The Lambda Architecture also emphasizes the criticality of how the data is served or delivered to the consuming application. Data, as we know, can be delivered in multiple ways between systems. However, one of the most common ways to deliver data is via services. In the context of a Data Lake, these services may be called Data Services that may deliver primarily data.

One of the other ways to deliver data is via exports. The data in its final form can be exported as messages, files, data dumps, and so on for other systems to consume.

The primary focus while delivering/serving data is to have the data in the desired form. This form can be enforced as a data contract whether the data is served by services or by exports. However, during data delivery operations, it is very important to have a merge between the batch data and the data from near real-time processing, as both of these streams would hold key information from an organizational domain perspective. The data serving/delivery layer will need to ensure that the data is consistent as adhering to an agreed contract with the consuming application.

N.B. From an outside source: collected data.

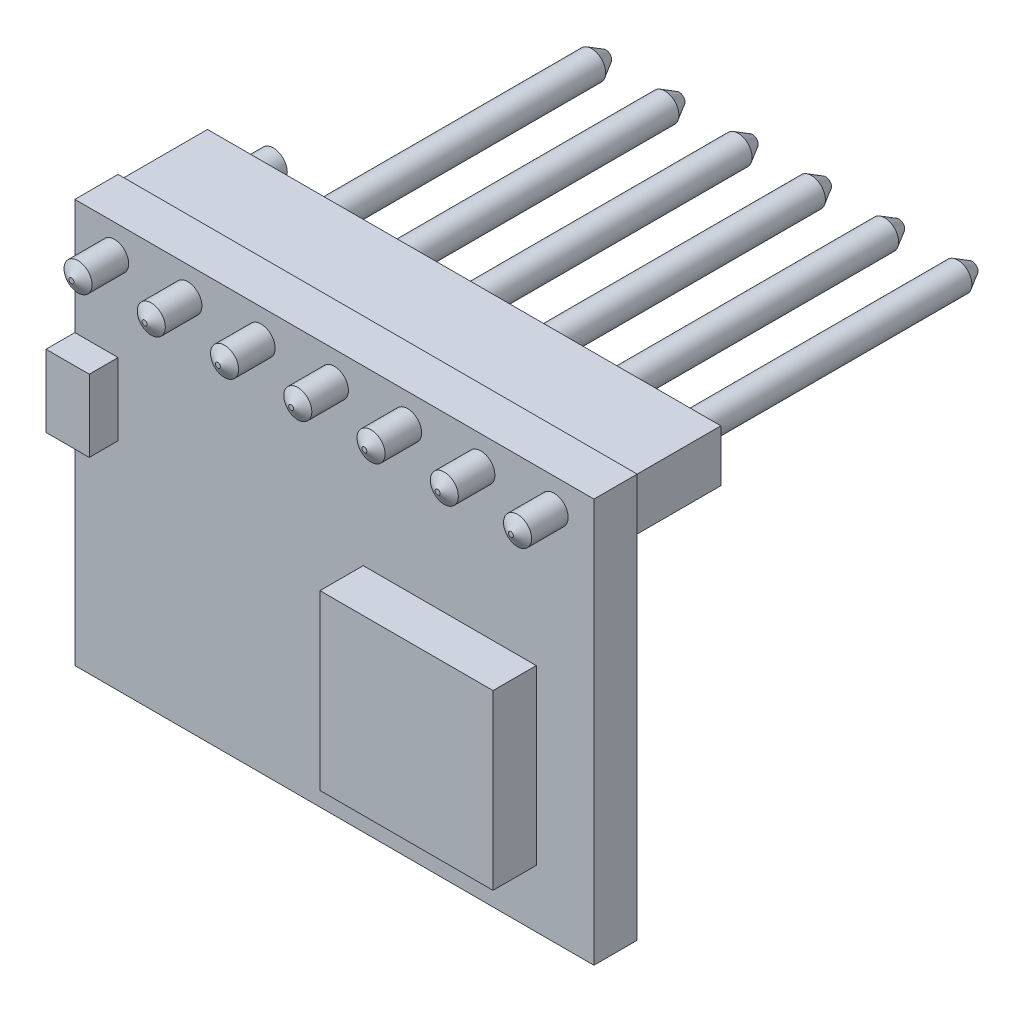
SolidWorks part; units mm, degrees
ref_plane "Plan de face" through (0, 0, 0) normal (0, 0, 1) x (1, 0, 0)
ref_plane "Plan de dessus" through (0, 0, 0) normal (0, 1, 0) x (1, 0, 0)
ref_plane "Plan de droite" through (0, 0, 0) normal (1, 0, 0) x (0, 0, -1)
sketch "Esquisse1" plane through (0, 0, 0) normal (0, 0, 1) x (1, 0, 0)
  line L1 (0, 0) -> (18, 0)
  line L2 (0, 0) -> (0, 14)
  line L3 (0, 14) -> (18, 14)
  line L4 (18, 0) -> (18, 14)
extrude "Boss.-Extru.1" add sketch "Esquisse1" along normal blind 1.5
sketch "Esquisse4" plane through (0, 0, 1.5) normal (0, 0, 1) x (1, 0, 0)
  line L0 (0, 14) -> (0, 0) construction
  line L1 (0, 10) -> (1.5, 10)
  line L2 (0, 10) -> (0, 7.5)
  line L3 (0, 7.5) -> (1.5, 7.5)
  line L4 (1.5, 10) -> (1.5, 7.5)
  line L5 (18, 14) -> (0, 14) construction
  dimension "D1" = 2.5
  dimension "D2" = 1.5
  dimension "D3" = 4
extrude "Boss.-Extru.4" add sketch "Esquisse4" along normal blind 1
sketch "Esquisse5" plane through (0, 0, 0) normal (0, 0, -1) x (-1, 0, 0)
  line L2 (-17.9, 13.9) -> (-0.1, 13.9)
  line L3 (-17.9, 13.9) -> (-17.9, 12.1)
  line L4 (-17.9, 12.1) -> (-0.1, 12.1)
  line L5 (-0.1, 13.9) -> (-0.1, 12.1)
  line L7 (-18, 14) -> (0, 14) construction
  line L10 (0, 14) -> (0, 0) construction
  dimension "D1" = 0.1
  dimension "D2" = 0.1
  dimension "D3" = 17.8
  dimension "D4" = 1.8
extrude "Boss.-Extru.5" add sketch "Esquisse5" along normal blind 3
sketch "Esquisse6" plane through (0, 0, -3) normal (0, 0, -1) x (-1, 0, 0)
  line L0 (-0.1, 13.9) -> (-17.9, 13.9) construction
  line L2 (-0.1, 12.1) -> (-0.1, 13.9) construction
  circle A0 centre (-1.38, 13) radius 0.4862
  circle A1 centre (-3.92, 13) radius 0.4862
  circle A2 centre (-6.46, 13) radius 0.4862
  circle A3 centre (-9, 13) radius 0.4862
  circle A4 centre (-11.54, 13) radius 0.4862
  circle A5 centre (-14.08, 13) radius 0.4862
  circle A6 centre (-16.62, 13) radius 0.4862
  dimension "D1" = 0.9
  dimension "D2" = 1.28
  dimension "D3" = 7
extrude "Boss.-Extru.6" add sketch "Esquisse6" along normal blind 10 and the other way blind 6
chamfer "Chanfrein2" distance 0.5 angle 30 7 edges at (16.1338, 13, -13) (13.5938, 13, -13) (11.0538, 13, -13) (8.5138, 13, -13) (5.9738, 13, -13) (3.4338, 13, -13) (0.8938, 13, -13)
sketch "Esquisse7" plane through (0, 13.9, 0) normal (0, 1, 0) x (1, 0, 0)
  line L0 (0.1, 3) -> (17.9, 3) construction
  line L1 (0, 13.3176) -> (2.5, 13.3176)
  line L2 (0, 13.3176) -> (0, 4)
  line L3 (0, 4) -> (2.5, 4)
  line L4 (2.5, 13.3176) -> (2.5, 4)
  dimension "D1" = 1
extrude "Enlèv. mat.-Extru.1" cut sketch "Esquisse7" against normal through all
chamfer "Chanfrein3" distance 0.4 angle 30 7 edges at (0.8938, 13, 3) (16.1338, 13, 3) (13.5938, 13, 3) (11.0538, 13, 3) (8.5138, 13, 3) (5.9738, 13, 3) (3.4338, 13, 3)
sketch "Esquisse8" plane through (0, 0, 1.5) normal (0, 0, 1) x (1, 0, 0)
  line L0 (18, 0) -> (18, 14) construction
  line L1 (10, 8) -> (16, 8)
  line L2 (10, 8) -> (10, 2)
  line L3 (10, 2) -> (16, 2)
  line L4 (16, 8) -> (16, 2)
  line L5 (0, 0) -> (18, 0) construction
  dimension "D1" = 2
  dimension "D2" = 6
  dimension "D3" = 2
  dimension "D4" = 6
extrude "Boss.-Extru.7" add sketch "Esquisse8" along normal blind 1.5

Overall, high-level specifications for the data serving/delivery layer can be summarized as follows:

  • It must support multiple mechanisms to serve data to the consuming application
  • For every mechanism supported for serving the data, there should be adherence to a contract in agreement with the consuming application
  • It must support merged views of both batch-processed and near real time processed data
  • It must be scalable and responsive to the consuming application

With the serving layer having its key responsibility to serve the data out of the Data Lake, this layer may also optionally merge the data for enrichment. 

While these are primarily specifications of Lambda Architecture layers, there are other layers too such as data acquisition, messaging, and the data ingestion layer that feed the data into the Lambda Architecture for processing, which we will discuss later in this chapter.